>>

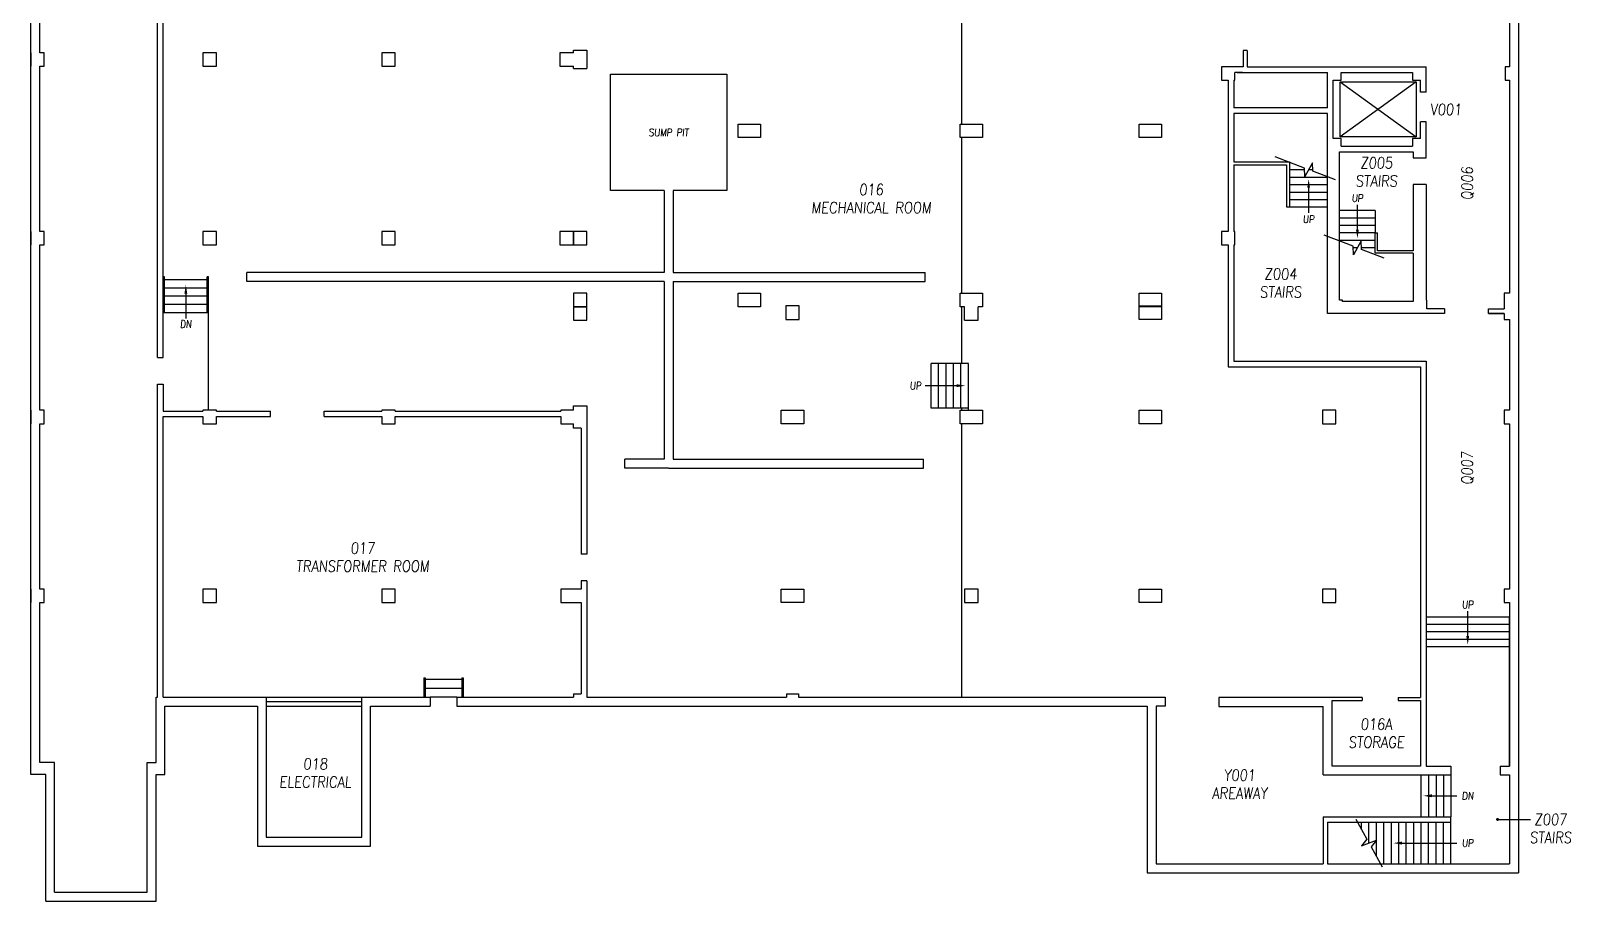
# Model space of a CAD drawing. Extents: x 1508 to 3619, y 480 to 3630.
# Drawn here: x 1552 to 3619, y 480 to 1648 of the extents above; entities that cross this region are included whole.
import ezdxf
from ezdxf.enums import TextEntityAlignment as Align

# ---------------------------------------------------------------- set-up
doc = ezdxf.new("R2010")
doc.units = 0
doc.header["$MEASUREMENT"] = 0
for name, color, linetype in [('A-BELOW', 111, 'CONTINUOUS'), ('A-FS-ID', 6, 'CONTINUOUS'), ('A-FS-NM', 6, 'CONTINUOUS'), ('A-GLAZ', 191, 'CONTINUOUS'), ('A-STRS', 4, 'CONTINUOUS'), ('A-WL-EX', 171, 'CONTINUOUS')]:
    doc.layers.add(name, color=color, linetype=linetype)
doc.styles.get("Standard").update_dxf_attribs({"font": 'romans.shx', "width": 0.85, "oblique": 5, "height": 15})

msp = doc.modelspace()

# ---------------------------------------------------------------- linework, layer by layer
at = {"layer": 'A-BELOW'}
for p, q in [((2801, 1522.6), (2801, 1683.1)), ((2329.8, 1433.6), (2329.8, 1589.6)), ((2329.8, 1589.6), (2485.8, 1589.6)), ((2485.8, 1589.6), (2485.8, 1433.6)), ((2801, 1295.6), (2801, 1504.6)), ((2401.8, 1433.6), (2329.8, 1433.6)), ((2401.8, 1433.6), (2401.8, 1323.6)), ((2413.8, 1433.6), (2413.8, 1323.6)), ((2485.8, 1433.6), (2413.8, 1433.6)), ((1842, 1311.6), (1842, 1323.6)), ((2401.8, 1323.6), (1842, 1323.6)), ((2413.8, 1323.6), (2751.8, 1323.6)), ((2751.8, 1311.6), (2751.8, 1323.6)), ((1731.5, 1317.6), (1729.5, 1317.6)), ((1731.5, 1269.6), (1731.5, 1317.6)), ((1788.5, 1313.6), (1731.5, 1313.6)), ((1788.5, 1302.6), (1731.5, 1302.6)), ((1790.5, 1317.6), (1788.5, 1317.6)), ((1788.5, 1269.6), (1788.5, 1317.6)), ((1790.5, 1138.6), (1790.5, 1317.6)), ((2401.8, 1311.6), (1842, 1311.6)), ((2401.8, 1311.6), (2401.8, 1073.1)), ((2413.8, 1311.6), (2751.8, 1311.6)), ((2413.8, 1311.6), (2413.8, 1073.1)), ((1788.5, 1291.6), (1731.5, 1291.6)), ((1760, 1295.2), (1760, 1261.6)), ((1790.5, 1269.6), (1729.5, 1269.6)), ((1788.5, 1280.6), (1731.5, 1280.6)), ((2801, 1201.6), (2801, 1277.6)), ((2810, 1201.6), (2760, 1201.6)), ((2760, 1141.6), (2760, 1201.6)), ((2770, 1141.6), (2770, 1201.6)), ((2780, 1141.6), (2780, 1201.6)), ((2790, 1141.6), (2790, 1201.6)), ((2800, 1141.6), (2800, 1201.6)), ((2810, 1141.6), (2810, 1201.6)), ((2794.4, 1171.6), (2752, 1171.6)), ((2810, 1141.6), (2760, 1141.6)), ((2801, 1138.6), (2801, 1141.6)), ((2810, 1138.6), (2810, 1141.6)), ((2801, 753.6), (2801, 1120.6)), ((2349.1, 1061.1), (2349.1, 1073.1)), ((2401.8, 1073.1), (2349.1, 1073.1)), ((2407.8, 1061.1), (2349.1, 1061.1)), ((2407.8, 1061.1), (2749.6, 1061.1)), ((2413.8, 1073.1), (2749.6, 1073.1)), ((2749.6, 1061.1), (2749.6, 1073.1)), ((3480, 835.5), (3480, 869.1)), ((3536, 861.1), (3424, 861.1)), ((3536, 851.1), (3424, 851.1)), ((3536, 841.1), (3424, 841.1)), ((3536, 831.1), (3424, 831.1)), ((3536, 821.1), (3424, 821.1)), ((2079.3, 779.6), (2081.3, 779.6)), ((2079.3, 779.6), (2079.3, 753.6)), ((2081.3, 779.6), (2081.3, 753.6)), ((2081.3, 777.6), (2130.3, 777.6)), ((2081.3, 765.6), (2130.3, 765.6)), ((2130.3, 779.6), (2132.3, 779.6)), ((2130.3, 779.6), (2130.3, 753.6)), ((2132.3, 779.6), (2132.3, 753.6)), ((1868, 753.6), (1996, 753.6)), ((2123.8, 753.6), (2087.8, 753.6)), ((1868, 741.6), (1996, 741.6))]:
    msp.add_line(p, q, dxfattribs=at)
for points in [[(1758.1, 1295.2), (1761.9, 1295.2), (1760, 1306.9)], [(2794.4, 1173.6), (2794.4, 1169.7), (2806.1, 1171.6)], [(3481.9, 835.5), (3478.1, 835.5), (3480, 823.9)]]:
    msp.add_solid(points, dxfattribs=at)
at = {"layer": 'A-FS-ID'}
msp.add_line((3520, 589.4), (3564, 589.4), dxfattribs=at)
at = {"layer": 'A-FS-ID', "const_width": 2}
msp.add_lwpolyline([(3519, 589.4, 1), (3521, 589.4, 1)], format="xyb", close=True, dxfattribs=at)
at = {"layer": 'A-GLAZ'}
msp.add_line((1868, 747.6), (1996, 747.6), dxfattribs=at)
at = {"layer": 'A-STRS'}
for p, q in [((3309, 1505.6), (3309, 1579.3)), ((3410.9, 1579.3), (3309, 1505.6)), ((3309, 1579.3), (3410.9, 1505.6)), ((3309, 1579.3), (3410.9, 1579.3)), ((3410.9, 1579.3), (3410.9, 1505.6)), ((3410.9, 1505.6), (3309, 1505.6)), ((3260.9, 1463.8), (3221.7, 1478.6)), ((3271.6, 1470.9), (3261.4, 1452.3)), ((3272.1, 1459.5), (3271.6, 1470.9)), ((3241, 1461.6), (3261, 1461.6)), ((3241, 1451.6), (3292, 1451.6)), ((3261.4, 1452.3), (3260.9, 1463.8)), ((3266.5, 1461.6), (3272, 1461.6)), ((3302.5, 1448), (3272.1, 1459.5)), ((3241, 1441.6), (3292, 1441.6)), ((3241, 1431.6), (3292, 1431.6)), ((3266.5, 1437.2), (3266.5, 1403.6)), ((3241, 1421.6), (3292, 1421.6)), ((3241, 1411.6), (3292, 1411.6)), ((3356, 1406.6), (3308, 1406.6)), ((3332, 1381.1), (3332, 1414.6)), ((3356, 1406.6), (3356, 1376.6)), ((3356, 1396.6), (3308, 1396.6)), ((3356, 1386.6), (3308, 1386.6)), ((3326.4, 1358.8), (3287.2, 1373.6)), ((3356, 1376.6), (3308, 1376.6)), ((3356, 1366.6), (3308, 1366.6)), ((3337.1, 1365.9), (3326.9, 1347.3)), ((3337.6, 1354.5), (3337.1, 1365.9)), ((3326.9, 1347.3), (3326.4, 1358.8)), ((3332, 1356.6), (3326.5, 1356.6)), ((3356, 1356.6), (3337.5, 1356.6)), ((3368, 1343), (3337.6, 1354.5)), ((3417.5, 593.1), (3417.5, 649.1)), ((3427.5, 649.1), (3427.5, 593.1)), ((3437.5, 649.1), (3437.5, 593.1)), ((3447.5, 649.1), (3447.5, 593.1)), ((3457.5, 649.1), (3457.5, 593.1)), ((3431.9, 621.1), (3465.5, 621.1)), ((3329.9, 589.6), (3344.6, 562.9)), ((3337.5, 575.8), (3337.5, 585.6)), ((3347.5, 557.6), (3347.5, 585.6)), ((3357.5, 539.5), (3357.5, 585.6)), ((3367.5, 529.6), (3367.5, 585.6)), ((3377.5, 529.6), (3377.5, 585.6)), ((3387.5, 529.6), (3387.5, 585.6)), ((3397.5, 529.6), (3397.5, 585.6)), ((3407.5, 529.6), (3407.5, 585.6)), ((3417.5, 529.6), (3417.5, 585.6)), ((3427.5, 529.6), (3427.5, 585.6)), ((3437.5, 529.6), (3437.5, 585.6)), ((3447.5, 529.6), (3447.5, 585.6)), ((3457.5, 529.6), (3457.5, 585.6)), ((3344.6, 562.9), (3337.6, 553.9)), ((3337.6, 553.9), (3357.4, 561.4)), ((3357.4, 561.4), (3350.4, 552.4)), ((3350.4, 552.4), (3365.1, 525.6)), ((3391.7, 557.6), (3465.5, 557.6))]:
    msp.add_line(p, q, dxfattribs=at)
for points in [[(3264.6, 1437.2), (3268.4, 1437.2), (3266.5, 1448.9)], [(3333.9, 1381.1), (3330.1, 1381.1), (3332, 1369.4)], [(3431.9, 619.2), (3431.9, 623.1), (3420.2, 621.1)], [(3391.7, 555.7), (3391.7, 559.6), (3380.1, 557.6)]]:
    msp.add_solid(points, dxfattribs=at)
at = {"layer": 'A-WL-EX'}
for p, q in [((1552, 649.6), (1552, 3367.6)), ((3548, 2130.6), (3548, 517.6)), ((1729.5, 1209.6), (1729.5, 1878.6)), ((1564, 1618.6), (1564, 1840.6)), ((1722, 1209.6), (1722, 1857.6)), ((3536, 1714.2), (3536, 1599.6)), ((1552, 1618.6), (1552, 1600.6)), ((1570, 1618.6), (1564, 1618.6)), ((1570, 1600.6), (1570, 1618.6)), ((1783, 1618.6), (1783, 1600.6)), ((1801, 1618.6), (1783, 1618.6)), ((1801, 1600.6), (1801, 1618.6)), ((2023, 1618.6), (2023, 1600.6)), ((2041, 1618.6), (2023, 1618.6)), ((2041, 1600.6), (2041, 1618.6)), ((2280, 1618.6), (2262, 1618.6)), ((2262, 1618.6), (2262, 1600.6)), ((2280, 1621.9), (2298, 1621.9)), ((2280, 1618.6), (2280, 1621.9)), ((2298, 1621.9), (2298, 1597.4)), ((3184, 1621.6), (3178.5, 1621.6)), ((3178.5, 1621.6), (3178.5, 1599.6)), ((3184, 1621.6), (3184, 1599.6)), ((1564, 1600.6), (1570, 1600.6)), ((1564, 1378.6), (1564, 1600.6)), ((1783, 1600.6), (1801, 1600.6)), ((2023, 1600.6), (2041, 1600.6)), ((2262, 1600.6), (2280, 1600.6)), ((2280, 1597.4), (2280, 1600.6)), ((2280, 1597.4), (2298, 1597.4)), ((3149.5, 1599.6), (3149.5, 1581.6)), ((3167.5, 1599.6), (3149.5, 1599.6)), ((3178.5, 1599.6), (3158.5, 1599.6)), ((3178, 1592.1), (3167.5, 1592.1)), ((3167.5, 1581.6), (3167.5, 1592.1)), ((3170.5, 1592.1), (3292, 1592.1)), ((3184, 1599.6), (3424, 1599.6)), ((3292, 1544.4), (3292, 1592.1)), ((3310, 1581.6), (3310, 1592.1)), ((3310, 1592.1), (3406, 1592.1)), ((3406, 1592.1), (3406, 1581.6)), ((3424, 1565.6), (3424, 1599.6)), ((3536, 1599.6), (3530, 1599.6)), ((3530, 1599.6), (3530, 1581.6)), ((3149.5, 1581.6), (3158.5, 1581.6)), ((3158.5, 1581.6), (3158.5, 1378.6)), ((3166, 1581.6), (3167.5, 1581.6)), ((3166, 1581.6), (3166, 1544.4)), ((3299.5, 1581.6), (3310, 1581.6)), ((3299.5, 1503.6), (3299.5, 1581.6)), ((3406, 1581.6), (3416.5, 1581.6)), ((3416.5, 1565.6), (3416.5, 1581.6)), ((3530, 1581.6), (3536, 1581.6)), ((3536, 1581.6), (3536, 1295.6)), ((3424, 1565.6), (3416.5, 1565.6)), ((3292, 1544.4), (3166, 1544.4)), ((3166, 1536.9), (3166, 1472.1)), ((3166, 1536.9), (3166, 1472.1)), ((3292, 1536.9), (3166, 1536.9)), ((3292, 1268.6), (3292, 1536.9)), ((2501, 1504.6), (2501, 1522.6)), ((2501, 1522.6), (2531, 1522.6)), ((2531, 1522.6), (2531, 1504.6)), ((2799, 1504.6), (2799, 1522.6)), ((2799, 1522.6), (2829, 1522.6)), ((2829, 1522.6), (2829, 1504.6)), ((3039, 1504.6), (3039, 1522.6)), ((3039, 1522.6), (3069, 1522.6)), ((3069, 1522.6), (3069, 1504.6)), ((3416.5, 1503.6), (3416.5, 1525.6)), ((3424, 1525.6), (3416.5, 1525.6)), ((3424, 1477.6), (3424, 1525.6)), ((2531, 1504.6), (2501, 1504.6)), ((2829, 1504.6), (2799, 1504.6)), ((3069, 1504.6), (3039, 1504.6)), ((3310, 1503.6), (3299.5, 1503.6)), ((3310, 1493.1), (3310, 1503.6)), ((3310, 1493.1), (3406, 1493.1)), ((3406, 1503.6), (3406, 1493.1)), ((3416.5, 1503.6), (3406, 1503.6)), ((3424, 1485.6), (3424, 1503.6)), ((3166, 1472.1), (3241, 1472.1)), ((3166, 1468.1), (3237, 1468.1)), ((3166, 1468.1), (3166, 1378.6)), ((3237, 1468.1), (3237, 1411.6)), ((3241, 1472.1), (3241, 1411.6)), ((3308, 1485.6), (3407, 1485.6)), ((3308, 1286.6), (3308, 1485.6)), ((3308, 1286.6), (3308, 1485.6)), ((3406, 1485.6), (3407, 1485.6)), ((3407, 1485.6), (3407, 1477.6)), ((3407, 1477.6), (3424, 1477.6)), ((3407, 1441.6), (3407, 1352.6)), ((3424, 1441.6), (3407, 1441.6)), ((3424, 1441.6), (3424, 1286.6)), ((3237, 1411.6), (3241, 1411.6)), ((1552, 1378.6), (1552, 1360.6)), ((1570, 1378.6), (1564, 1378.6)), ((1570, 1360.6), (1570, 1378.6)), ((1783, 1378.6), (1783, 1360.6)), ((1801, 1378.6), (1783, 1378.6)), ((1801, 1360.6), (1801, 1378.6)), ((2023, 1378.6), (2023, 1360.6)), ((2041, 1378.6), (2023, 1378.6)), ((2041, 1360.6), (2041, 1378.6)), ((2280, 1378.6), (2262, 1378.6)), ((2262, 1378.6), (2262, 1360.6)), ((2280, 1378.6), (2280, 1360.6)), ((2298, 1378.6), (2280, 1378.6)), ((2280, 1360.6), (2280, 1378.6)), ((2298, 1360.6), (2298, 1378.6)), ((3158.5, 1378.6), (3149.5, 1378.6)), ((3149.5, 1378.6), (3149.5, 1360.6)), ((3167.5, 1378.6), (3166, 1378.6)), ((3167.5, 1360.6), (3167.5, 1378.6)), ((3356, 1349.6), (3356, 1376.6)), ((3356, 1376.6), (3359, 1376.6)), ((3359, 1352.6), (3359, 1376.6)), ((1564, 1360.6), (1570, 1360.6)), ((1564, 1138.6), (1564, 1360.6)), ((1783, 1360.6), (1801, 1360.6)), ((2023, 1360.6), (2041, 1360.6)), ((2262, 1360.6), (2280, 1360.6)), ((2280, 1360.6), (2298, 1360.6)), ((3149.5, 1360.6), (3158.5, 1360.6)), ((3158.5, 1360.6), (3158.5, 1197.1)), ((3166, 1360.6), (3167.5, 1360.6)), ((3166, 1360.6), (3166, 1204.6)), ((3407, 1349.6), (3356, 1349.6)), ((3407, 1352.6), (3359, 1352.6)), ((3407, 1349.6), (3407, 1284.6)), ((2298, 1295.6), (2280, 1295.6)), ((2280, 1295.6), (2280, 1277.6)), ((2298, 1277.6), (2298, 1295.6)), ((2501, 1277.6), (2501, 1295.6)), ((2501, 1295.6), (2531, 1295.6)), ((2531, 1295.6), (2531, 1277.6)), ((2799, 1277.6), (2799, 1295.6)), ((2799, 1295.6), (2829, 1295.6)), ((2829, 1295.6), (2829, 1277.6)), ((3039, 1277.6), (3039, 1295.6)), ((3039, 1295.6), (3069, 1295.6)), ((3069, 1295.6), (3069, 1277.6)), ((3312, 1286.6), (3308, 1286.6)), ((3312, 1284.6), (3312, 1286.6)), ((3407, 1284.6), (3312, 1284.6)), ((3425, 1286.6), (3424, 1286.6)), ((3425, 1274.6), (3425, 1286.6)), ((3536, 1295.6), (3529, 1295.6)), ((3529, 1295.6), (3529, 1274.6)), ((2280, 1277.6), (2298, 1277.6)), ((2280, 1277.6), (2280, 1259.6)), ((2298, 1277.6), (2280, 1277.6)), ((2298, 1259.6), (2298, 1277.6)), ((2531, 1277.6), (2501, 1277.6)), ((2565, 1278.6), (2565, 1260.6)), ((2583, 1278.6), (2565, 1278.6)), ((2583, 1260.6), (2583, 1278.6)), ((2805, 1277.6), (2799, 1277.6)), ((2805, 1259.6), (2805, 1277.6)), ((2823, 1259.6), (2823, 1277.6)), ((2829, 1277.6), (2823, 1277.6)), ((3039, 1260.6), (3039, 1278.6)), ((3039, 1278.6), (3069, 1278.6)), ((3069, 1277.6), (3039, 1277.6)), ((3069, 1278.6), (3069, 1260.6)), ((3449, 1268.6), (3292, 1268.6)), ((3449, 1274.6), (3425, 1274.6)), ((3449, 1274.6), (3449, 1268.6)), ((3508, 1268.6), (3508, 1274.6)), ((3508, 1274.6), (3529, 1274.6)), ((3529, 1268.6), (3508, 1268.6)), ((3508, 1268.6), (3529, 1268.6)), ((3529, 1268.6), (3529, 1260.6)), ((2280, 1259.6), (2298, 1259.6)), ((2565, 1260.6), (2583, 1260.6)), ((2805, 1259.6), (2823, 1259.6)), ((3069, 1260.6), (3039, 1260.6)), ((3529, 1260.6), (3536, 1260.6)), ((3536, 1260.6), (3536, 1138.6)), ((1722, 1209.6), (1729.5, 1209.6)), ((3166, 1204.6), (3424, 1204.6)), ((3424, 1204.6), (3424, 661.1)), ((3158.5, 1197.1), (3416.5, 1197.1)), ((3416.5, 1197.1), (3416.5, 753.1)), ((1722, 1173.6), (1729.5, 1173.6)), ((1722, 753.6), (1722, 1173.6)), ((1729.5, 1173.6), (1729.5, 1137.6)), ((1552, 1138.6), (1552, 1120.6)), ((1570, 1138.6), (1564, 1138.6)), ((1570, 1120.6), (1570, 1138.6)), ((1729.5, 1137.6), (1783, 1137.6)), ((1783, 1138.6), (1783, 1137.6)), ((1801, 1138.6), (1783, 1138.6)), ((1801, 1137.6), (1801, 1138.6)), ((1801, 1137.6), (1873.5, 1137.6)), ((1873.5, 1130.1), (1873.5, 1137.6)), ((1945.5, 1130.1), (1945.5, 1137.6)), ((1945.5, 1137.6), (2023, 1137.6)), ((2023, 1138.6), (2023, 1137.6)), ((2041, 1138.6), (2023, 1138.6)), ((2041, 1137.6), (2041, 1138.6)), ((2041, 1137.6), (2263, 1137.6)), ((2263, 1138.6), (2263, 1137.6)), ((2280, 1138.6), (2263, 1138.6)), ((2280, 1144.6), (2298, 1144.6)), ((2280, 1138.6), (2280, 1144.6)), ((2298, 1144.6), (2298, 945.6)), ((2559, 1138.6), (2589, 1138.6)), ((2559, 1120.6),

<<

Aim of the task >> Repeat the listing above exactly from its first line to the line containing "for name, color, linetype", both included, and omit the pictures.

Solution to this problem >>
# Model space of a CAD drawing. Extents: x 1508 to 3619, y 480 to 3630.
# Drawn here: x 1552 to 3619, y 480 to 1648 of the extents above; entities that cross this region are included whole.
import ezdxf
from ezdxf.enums import TextEntityAlignment as Align

# ---------------------------------------------------------------- set-up
doc = ezdxf.new("R2010")
doc.units = 0
doc.header["$MEASUREMENT"] = 0
for name, color, linetype in [('A-BELOW', 111, 'CONTINUOUS'), ('A-FS-ID', 6, 'CONTINUOUS'), ('A-FS-NM', 6, 'CONTINUOUS'), ('A-GLAZ', 191, 'CONTINUOUS'), ('A-STRS', 4, 'CONTINUOUS'), ('A-WL-EX', 171, 'CONTINUOUS')]:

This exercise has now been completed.